Kata Kunci

Blogumulus by Roy Tanck and Amanda Fazani

Catatan Menyambut 20 Mei 2015!

AGENDA nasional untuk 20 Mei 2015 meliputi peringatan 107 tahun Hari Kebangkitan Nasional, dan 17 tahun reformasi. Untuk Kebangkitan Nasional, kini bangsa kita telah berdaulat sebagai bangsa merdeka, sejajar dengan bangsa-bangsa lain. Itu secara politik. 

Namun, dalam sosial ekonomi dan iptek, masih tertinggal dari bangsa-bangsa lain. Reformasi merupakan tahapan sejarah bangkitnya kesadaran bangsa untuk meretas semua kendala penyebab ketertinggalan itu. Tapi setelah 17 tahun reformasi, hasilnya masih jauh dari memuaskan. Usaha meningkatkan kesejahteraan rakyat, terutama pada lapisan sosial terbawah, belum optimal.

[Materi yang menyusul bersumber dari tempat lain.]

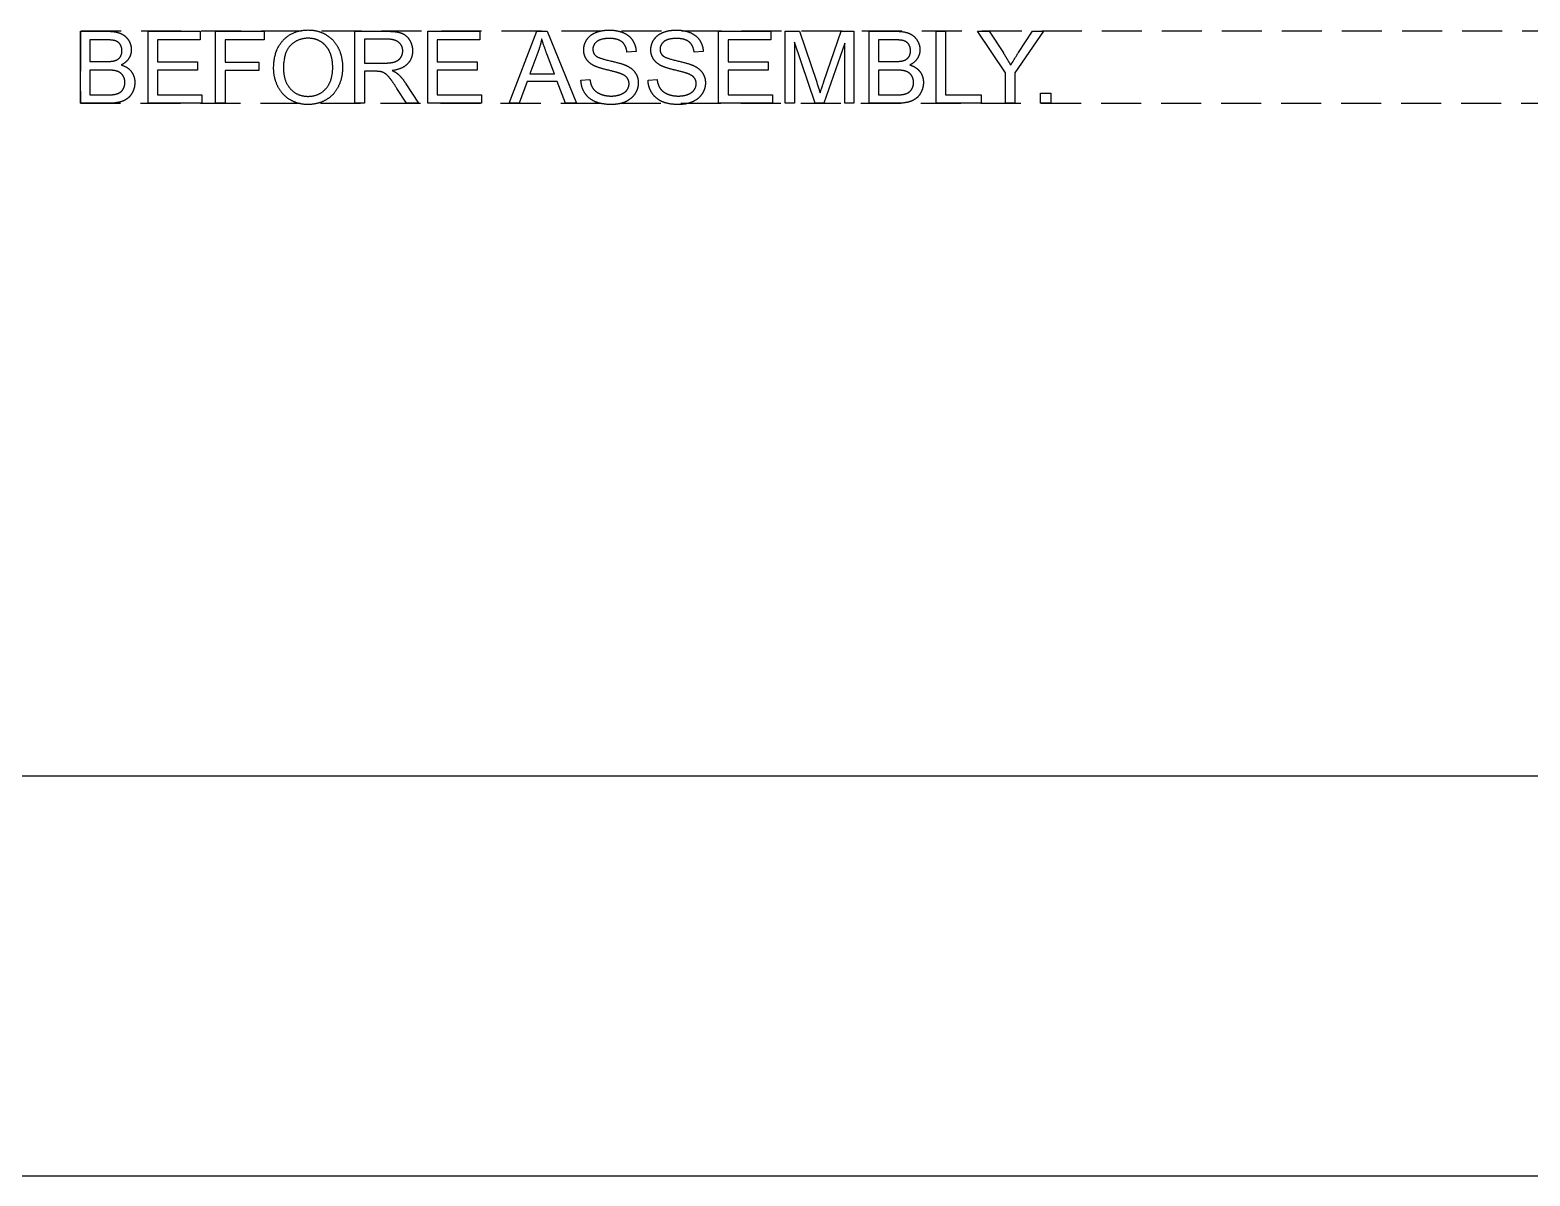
# Model space of a CAD drawing. Header units: millimetres. Extents: x 0 to 340, y 0 to 220.
# Drawn here: x 19.37 to 38.11, y 0 to 14.32 of the extents above; entities that cross this region are included whole.
import ezdxf

# ---------------------------------------------------------------- set-up
doc = ezdxf.new("R2010")
doc.units = ezdxf.units.MM
doc.linetypes.add('DASHED', pattern=[0.75, 0.5, -0.25])
doc.layers.get('0').update_dxf_attribs({"linetype": 'CONTINUOUS'})

msp = doc.modelspace()

# ---------------------------------------------------------------- linework, layer by layer
at = {"linetype": 'DASHED'}
for p, q in [((43.76, 14.3), (20, 14.3)), ((20, 14.3), (20, 13.4)), ((20, 13.4), (43.76, 13.4))]:
    msp.add_line(p, q, dxfattribs=at)
for p, q in [((20, 13.4), (20, 14.3)), ((20, 14.3), (20.338, 14.3)), ((20.846, 13.4), (20.846, 14.3)), ((20.846, 14.3), (21.497, 14.3)), ((21.497, 14.3), (21.497, 14.194)), ((21.688, 13.4), (21.688, 14.3)), ((21.688, 14.3), (22.295, 14.3)), ((22.295, 14.3), (22.295, 14.194)), ((23.43, 13.4), (23.43, 14.3)), ((23.43, 14.3), (23.829, 14.3)), ((24.339, 13.4), (24.339, 14.3)), ((24.339, 14.3), (24.989, 14.3)), ((24.989, 14.3), (24.989, 14.194)), ((25.356, 13.4), (25.701, 14.3)), ((25.701, 14.3), (25.83, 14.3)), ((25.83, 14.3), (26.198, 13.4)), ((27.973, 13.4), (27.973, 14.3)), ((27.973, 14.3), (28.624, 14.3)), ((28.624, 14.3), (28.624, 14.194)), ((28.805, 13.4), (28.805, 14.3)), ((28.805, 14.3), (28.985, 14.3)), ((28.985, 14.3), (29.198, 13.663)), ((29.289, 13.674), (29.504, 14.3)), ((29.504, 14.3), (29.664, 14.3)), ((29.664, 14.3), (29.664, 13.4)), ((29.852, 13.4), (29.852, 14.3)), ((29.852, 14.3), (30.189, 14.3)), ((30.69, 13.4), (30.69, 14.3)), ((30.69, 14.3), (30.809, 14.3)), ((30.809, 14.3), (30.809, 13.506)), ((31.555, 13.781), (31.208, 14.3)), ((31.208, 14.3), (31.353, 14.3)), ((31.353, 14.3), (31.53, 14.029)), ((32.033, 14.3), (31.674, 13.781)), ((31.72, 14.035), (31.894, 14.3)), ((31.894, 14.3), (32.033, 14.3)), ((20.299, 14.194), (20.119, 14.194)), ((20.119, 14.194), (20.119, 13.922)), ((21.497, 14.194), (20.965, 14.194)), ((20.965, 14.194), (20.965, 13.918)), ((22.295, 14.194), (21.807, 14.194)), ((21.807, 14.194), (21.807, 13.915)), ((23.834, 14.201), (23.549, 14.201)), ((23.549, 14.201), (23.549, 13.903)), ((24.989, 14.194), (24.458, 14.194)), ((24.458, 14.194), (24.458, 13.918)), ((28.624, 14.194), (28.092, 14.194)), ((28.092, 14.194), (28.092, 13.918)), ((29.18, 13.4), (28.92, 14.166)), ((28.92, 14.166), (28.92, 13.4)), ((29.549, 14.153), (29.288, 13.4)), ((29.549, 13.4), (29.549, 14.153)), ((30.15, 14.194), (29.971, 14.194)), ((29.971, 14.194), (29.971, 13.922)), ((20.119, 13.922), (20.314, 13.922)), ((20.965, 13.918), (21.463, 13.918)), ((21.463, 13.918), (21.463, 13.813)), ((21.807, 13.915), (22.23, 13.915)), ((22.23, 13.915), (22.23, 13.809)), ((23.549, 13.903), (23.805, 13.903)), ((24.458, 13.918), (24.956, 13.918)), ((24.956, 13.918), (24.956, 13.813)), ((25.714, 14.034), (25.615, 13.77)), ((25.921, 13.77), (25.827, 14.019)), ((26.942, 14.046), (26.828, 14.038)), ((27.781, 14.046), (27.667, 14.038)), ((28.092, 13.918), (28.59, 13.918)), ((28.59, 13.918), (28.59, 13.813)), ((29.971, 13.922), (30.165, 13.922)), ((20.327, 13.816), (20.119, 13.816)), ((20.119, 13.816), (20.119, 13.506)), ((21.463, 13.813), (20.965, 13.813)), ((20.965, 13.813), (20.965, 13.506)), ((22.23, 13.809), (21.807, 13.809)), ((21.807, 13.809), (21.807, 13.4)), ((23.687, 13.8), (23.549, 13.8)), ((23.549, 13.8), (23.549, 13.4)), ((24.956, 13.813), (24.458, 13.813)), ((24.458, 13.813), (24.458, 13.506)), ((25.615, 13.77), (25.921, 13.77)), ((26.253, 13.689), (26.365, 13.699)), ((27.091, 13.689), (27.204, 13.699)), ((28.59, 13.813), (28.092, 13.813)), ((28.092, 13.813), (28.092, 13.506)), ((30.179, 13.816), (29.971, 13.816)), ((29.971, 13.816), (29.971, 13.506)), ((31.555, 13.4), (31.555, 13.781)), ((31.674, 13.781), (31.674, 13.4)), ((20.119, 13.506), (20.343, 13.506)), ((20.965, 13.506), (21.518, 13.506)), ((21.518, 13.506), (21.518, 13.4)), ((24.073, 13.4), (23.954, 13.587)), ((24.067, 13.645), (24.223, 13.4)), ((24.458, 13.506), (25.01, 13.506)), ((25.01, 13.506), (25.01, 13.4)), ((25.581, 13.673), (25.482, 13.4)), ((25.957, 13.673), (25.581, 13.673)), ((26.062, 13.4), (25.957, 13.673)), ((28.092, 13.506), (28.645, 13.506)), ((28.645, 13.506), (28.645, 13.4)), ((29.971, 13.506), (30.195, 13.506)), ((30.809, 13.506), (31.252, 13.506)), ((31.252, 13.506), (31.252, 13.4)), ((31.995, 13.4), (31.995, 13.526)), ((31.995, 13.526), (32.121, 13.526)), ((32.121, 13.526), (32.121, 13.4)), ((20.343, 13.4), (20, 13.4)), ((21.518, 13.4), (20.846, 13.4)), ((21.807, 13.4), (21.688, 13.4)), ((23.549, 13.4), (23.43, 13.4)), ((24.223, 13.4), (24.073, 13.4)), ((25.01, 13.4), (24.339, 13.4)), ((25.482, 13.4), (25.356, 13.4)), ((26.198, 13.4), (26.062, 13.4)), ((28.645, 13.4), (27.973, 13.4)), ((28.92, 13.4), (28.805, 13.4)), ((29.288, 13.4), (29.18, 13.4)), ((29.664, 13.4), (29.549, 13.4)), ((30.195, 13.4), (29.852, 13.4)), ((31.252, 13.4), (30.69, 13.4)), ((31.674, 13.4), (31.555, 13.4)), ((32.121, 13.4), (31.995, 13.4)), ((5, 5), (335, 5)), ((0, 0), (340, 0))]:
    msp.add_line(p, q)
for points in [[(20.338, 14.3), (20.441, 14.3), (20.503, 14.273)], [(20.503, 14.273), (20.565, 14.245), (20.601, 14.189)], [(22.534, 14.189), (22.655, 14.316), (22.845, 14.316)], [(22.845, 14.316), (22.97, 14.316), (23.07, 14.256)], [(23.07, 14.256), (23.17, 14.197), (23.222, 14.09)], [(23.829, 14.3), (23.949, 14.3), (24.012, 14.276)], [(24.012, 14.276), (24.075, 14.252), (24.112, 14.19)], [(26.326, 14.195), (26.364, 14.254), (26.439, 14.285)], [(26.439, 14.285), (26.513, 14.315), (26.604, 14.315)], [(26.604, 14.315), (26.704, 14.315), (26.78, 14.283)], [(26.78, 14.283), (26.857, 14.251), (26.898, 14.188)], [(27.164, 14.195), (27.203, 14.254), (27.277, 14.285)], [(27.277, 14.285), (27.352, 14.315), (27.442, 14.315)], [(27.442, 14.315), (27.543, 14.315), (27.619, 14.283)], [(27.619, 14.283), (27.695, 14.251), (27.737, 14.188)], [(30.189, 14.3), (30.292, 14.3), (30.355, 14.273)], [(30.355, 14.273), (30.417, 14.245), (30.452, 14.189)], [(20.436, 14.181), (20.396, 14.194), (20.299, 14.194)], [(20.497, 14.135), (20.476, 14.169), (20.436, 14.181)], [(20.496, 13.977), (20.519, 14.008), (20.519, 14.056)], [(20.519, 14.056), (20.519, 14.1), (20.497, 14.135)], [(20.601, 14.189), (20.636, 14.132), (20.636, 14.07)], [(20.636, 14.07), (20.636, 14.012), (20.605, 13.961)], [(22.414, 13.838), (22.414, 14.062), (22.534, 14.189)], [(22.628, 14.127), (22.537, 14.04), (22.537, 13.836)], [(22.845, 14.213), (22.719, 14.213), (22.628, 14.127)], [(23.006, 14.168), (22.935, 14.213), (22.845, 14.213)], [(23.115, 14.041), (23.078, 14.123), (23.006, 14.168)], [(23.222, 14.09), (23.275, 13.984), (23.275, 13.849)], [(23.98, 14.159), (23.934, 14.201), (23.834, 14.201)], [(24.027, 14.054), (24.027, 14.118), (23.98, 14.159)], [(24.003, 13.974), (24.027, 14.011), (24.027, 14.054)], [(24.149, 14.054), (24.149, 13.959), (24.087, 13.893)], [(24.112, 14.19), (24.149, 14.129), (24.149, 14.054)], [(25.763, 14.205), (25.746, 14.119), (25.714, 14.034)], [(25.827, 14.019), (25.784, 14.132), (25.763, 14.205)], [(26.287, 14.067), (26.287, 14.135), (26.326, 14.195)], [(26.319, 13.955), (26.287, 14.005), (26.287, 14.067)], [(26.451, 14.171), (26.402, 14.131), (26.402, 14.075)], [(26.402, 14.075), (26.402, 14.027), (26.437, 13.995)], [(26.609, 14.21), (26.501, 14.21), (26.451, 14.171)], [(26.766, 14.167), (26.713, 14.21), (26.609, 14.21)], [(26.828, 14.038), (26.819, 14.123), (26.766, 14.167)], [(26.898, 14.188), (26.939, 14.126), (26.942, 14.046)], [(27.126, 14.067), (27.126, 14.135), (27.164, 14.195)], [(27.157, 13.955), (27.126, 14.005), (27.126, 14.067)], [(27.29, 14.171), (27.241, 14.131), (27.241, 14.075)], [(27.241, 14.075), (27.241, 14.027), (27.276, 13.995)], [(27.447, 14.21), (27.339, 14.21), (27.29, 14.171)], [(27.604, 14.167), (27.551, 14.21), (27.447, 14.21)], [(27.667, 14.038), (27.657, 14.123), (27.604, 14.167)], [(27.737, 14.188), (27.778, 14.126), (27.781, 14.046)], [(30.287, 14.181), (30.247, 14.194), (30.15, 14.194)], [(30.349, 14.135), (30.327, 14.169), (30.287, 14.181)], [(30.347, 13.977), (30.37, 14.008), (30.37, 14.056)], [(30.37, 14.056), (30.37, 14.1), (30.349, 14.135)], [(30.452, 14.189), (30.488, 14.132), (30.488, 14.07)], [(30.488, 14.07), (30.488, 14.012), (30.456, 13.961)], [(20.314, 13.922), (20.393, 13.922), (20.427, 13.932)], [(20.427, 13.932), (20.473, 13.946), (20.496, 13.977)], [(20.605, 13.961), (20.573, 13.91), (20.51, 13.879)], [(20.51, 13.879), (20.592, 13.855), (20.636, 13.797)], [(23.152, 13.849), (23.152, 13.959), (23.115, 14.041)], [(23.805, 13.903), (23.887, 13.903), (23.933, 13.92)], [(24.087, 13.893), (24.025, 13.827), (23.896, 13.809)], [(23.933, 13.92), (23.979, 13.937), (24.003, 13.974)], [(26.415, 13.871), (26.35, 13.905), (26.319, 13.955)], [(26.589, 13.815), (26.465, 13.845), (26.415, 13.871)], [(26.437, 13.995), (26.471, 13.964), (26.616, 13.931)], [(26.616, 13.931), (26.762, 13.898), (26.816, 13.874)], [(26.816, 13.874), (26.894, 13.838), (26.932, 13.782)], [(27.253, 13.871), (27.189, 13.905), (27.157, 13.955)], [(27.427, 13.815), (27.303, 13.845), (27.253, 13.871)], [(27.276, 13.995), (27.31, 13.964), (27.455, 13.931)], [(27.455, 13.931), (27.6, 13.898), (27.654, 13.874)], [(27.654, 13.874), (27.733, 13.838), (27.77, 13.782)], [(30.165, 13.922), (30.244, 13.922), (30.279, 13.932)], [(30.279, 13.932), (30.324, 13.946), (30.347, 13.977)], [(30.456, 13.961), (30.425, 13.91), (30.362, 13.879)], [(30.362, 13.879), (30.443, 13.855), (30.487, 13.797)], [(31.53, 14.029), (31.579, 13.953), (31.621, 13.876)], [(31.621, 13.876), (31.662, 13.947), (31.72, 14.035)], [(20.459, 13.801), (20.413, 13.816), (20.327, 13.816)], [(20.53, 13.748), (20.505, 13.786), (20.459, 13.801)], [(20.556, 13.661), (20.556, 13.711), (20.53, 13.748)], [(20.636, 13.797), (20.68, 13.739), (20.68, 13.661)], [(22.465, 13.614), (22.414, 13.72), (22.414, 13.838)], [(22.537, 13.836), (22.537, 13.674), (22.624, 13.58)], [(23.065, 13.581), (23.152, 13.676), (23.152, 13.849)], [(23.275, 13.849), (23.275, 13.712), (23.219, 13.604)], [(23.753, 13.795), (23.733, 13.8), (23.687, 13.8)], [(23.808, 13.771), (23.781, 13.789), (23.753, 13.795)], [(23.868, 13.711), (23.835, 13.754), (23.808, 13.771)], [(23.954, 13.587), (23.902, 13.668), (23.868, 13.711)], [(23.896, 13.809), (23.943, 13.787), (23.968, 13.765)], [(23.968, 13.765), (24.02, 13.717), (24.067, 13.645)], [(26.302, 13.527), (26.255, 13.599), (26.253, 13.689)], [(26.365, 13.699), (26.373, 13.631), (26.402, 13.588)], [(26.749, 13.771), (26.713, 13.786), (26.589, 13.815)], [(26.83, 13.718), (26.805, 13.75), (26.749, 13.771)], [(26.854, 13.644), (26.854, 13.687), (26.83, 13.718)], [(26.932, 13.782), (26.969, 13.727), (26.969, 13.654)], [(27.141, 13.527), (27.094, 13.599), (27.091, 13.689)], [(27.204, 13.699), (27.212, 13.631), (27.241, 13.588)], [(27.587, 13.771), (27.551, 13.786), (27.427, 13.815)], [(27.668, 13.718), (27.644, 13.75), (27.587, 13.771)], [(27.693, 13.644), (27.693, 13.687), (27.668, 13.718)], [(27.77, 13.782), (27.808, 13.727), (27.808, 13.654)], [(30.31, 13.801), (30.265, 13.816), (30.179, 13.816)], [(30.382, 13.748), (30.356, 13.786), (30.31, 13.801)], [(30.408, 13.661), (30.408, 13.711), (30.382, 13.748)], [(30.487, 13.797), (30.531, 13.739), (30.531, 13.661)], [(20.343, 13.506), (20.401, 13.506), (20.424, 13.511)], [(20.424, 13.511), (20.465, 13.518), (20.493, 13.535)], [(20.493, 13.535), (20.521, 13.552), (20.538, 13.585)], [(20.538, 13.585), (20.556, 13.618), (20.556, 13.661)], [(20.653, 13.543), (20.626, 13.489), (20.587, 13.46)], [(20.68, 13.661), (20.68, 13.598), (20.653, 13.543)], [(22.617, 13.446), (22.517, 13.507), (22.465, 13.614)], [(22.624, 13.58), (22.712, 13.487), (22.844, 13.487)], [(22.844, 13.487), (22.978, 13.487), (23.065, 13.581)], [(23.219, 13.604), (23.164, 13.496), (23.063, 13.44)], [(26.432, 13.42), (26.349, 13.456), (26.302, 13.527)], [(26.402, 13.588), (26.431, 13.545), (26.493, 13.518)], [(26.493, 13.518), (26.554, 13.491), (26.631, 13.491)], [(26.631, 13.491), (26.699, 13.491), (26.751, 13.512)], [(26.751, 13.512), (26.803, 13.532), (26.829, 13.567)], [(26.928, 13.519), (26.887, 13.455), (26.81, 13.42)], [(26.829, 13.567), (26.854, 13.603), (26.854, 13.644)], [(26.969, 13.654), (26.969, 13.582), (26.928, 13.519)], [(27.27, 13.42), (27.188, 13.456), (27.141, 13.527)], [(27.241, 13.588), (27.27, 13.545), (27.331, 13.518)], [(27.331, 13.518), (27.393, 13.491), (27.47, 13.491)], [(27.47, 13.491), (27.538, 13.491), (27.59, 13.512)], [(27.59, 13.512), (27.642, 13.532), (27.667, 13.567)], [(27.767, 13.519), (27.726, 13.455), (27.648, 13.42)], [(27.667, 13.567), (27.693, 13.603), (27.693, 13.644)], [(27.808, 13.654), (27.808, 13.582), (27.767, 13.519)], [(29.198, 13.663), (29.227, 13.574), (29.241, 13.53)], [(29.241, 13.53), (29.256, 13.579), (29.289, 13.674)], [(30.195, 13.506), (30.252, 13.506), (30.276, 13.511)], [(30.276, 13.511), (30.317, 13.518), (30.344, 13.535)], [(30.344, 13.535), (30.372, 13.552), (30.39, 13.585)], [(30.39, 13.585), (30.408, 13.618), (30.408, 13.661)], [(30.504, 13.543), (30.478, 13.489), (30.438, 13.46)], [(30.531, 13.661), (30.531, 13.598), (30.504, 13.543)], [(20.488, 13.415), (20.429, 13.4), (20.343, 13.4)], [(20.587, 13.46), (20.548, 13.43), (20.488, 13.415)], [(22.844, 13.385), (22.717, 13.385), (22.617, 13.446)], [(23.063, 13.44), (22.962, 13.385), (22.844, 13.385)], [(26.636, 13.385), (26.514, 13.385), (26.432, 13.42)], [(26.81, 13.42), (26.733, 13.385), (26.636, 13.385)], [(27.475, 13.385), (27.353, 13.385), (27.27, 13.42)], [(27.648, 13.42), (27.571, 13.385), (27.475, 13.385)], [(30.34, 13.415), (30.281, 13.4), (30.195, 13.4)], [(30.438, 13.46), (30.399, 13.43), (30.34, 13.415)]]:
    msp.add_open_spline(points, degree=2)

doc.saveas('drawing.dxf')

Hambatan utama usaha memajukan kesejahteraan rakyat itu sejak era Orde Baru, terutama pada gairah korupsi yang tinggi pada pejabat dan penyelenggara negara. Prioritas pengelolaan anggaran negara dan daerah adalah untuk memperkaya diri para pejabat dan kroninya. 

Karena itu, kegiatan memberantas korupsi ditegaskan pentingnya dalam reformasi. Tapi, nyatanya di periode awal reformasi korupsi justru tambah marak, para politikus di parlemen pusat dan daerah semakin ramai yang terlibat korupsi. 

Saat penindakan korupsi mulai tajam, selain politikus juga jajaran penegak hukum diungkap korupsinya, ketajaman penindakan korupsi itu justru ditumpulkan kembali. Ketajaman penindakan korupsi pada aparat penegak hukum itu untuk membersihkan sapu dalam penegakan hukum. Dalam membersihkan negara dari korupsi, kalau sapunya kotor lantai bersih yang disapu malah ikut jadi kotor. Menjelang 20 Mei, penumpulan itu jadi keprihatinan. 

Hal berikutnya penghambat peningkatan kesejahteraan rakyat adalah rendahnya kemampuan aparat birokrasi dalam menjalankan program pemerintah. Contohnya dalam pelaksanaan harga gabah dan beras petani. Menurut Inpres Nomor 5/2015 tanggal 17 Maret 2015, harga gabah petani Rp3.700/kg dan beras Rp7.300/kg. 

Tapi hasil pemantauan Menteri Pertanian Andi Amran Sulaiman, di seluruh Tanah Air petani hanya menerima hasil penjualan gabah Rp3.000—Rp3.400/kg, dan beras Rp6.700—Rp7.200/kg. Padahal, harga beras di pasar Rp7.500—Rp10.500/kg. (detik.com, 14/5) Akibatnya, petani selalu mendapat harga lebih rendah. 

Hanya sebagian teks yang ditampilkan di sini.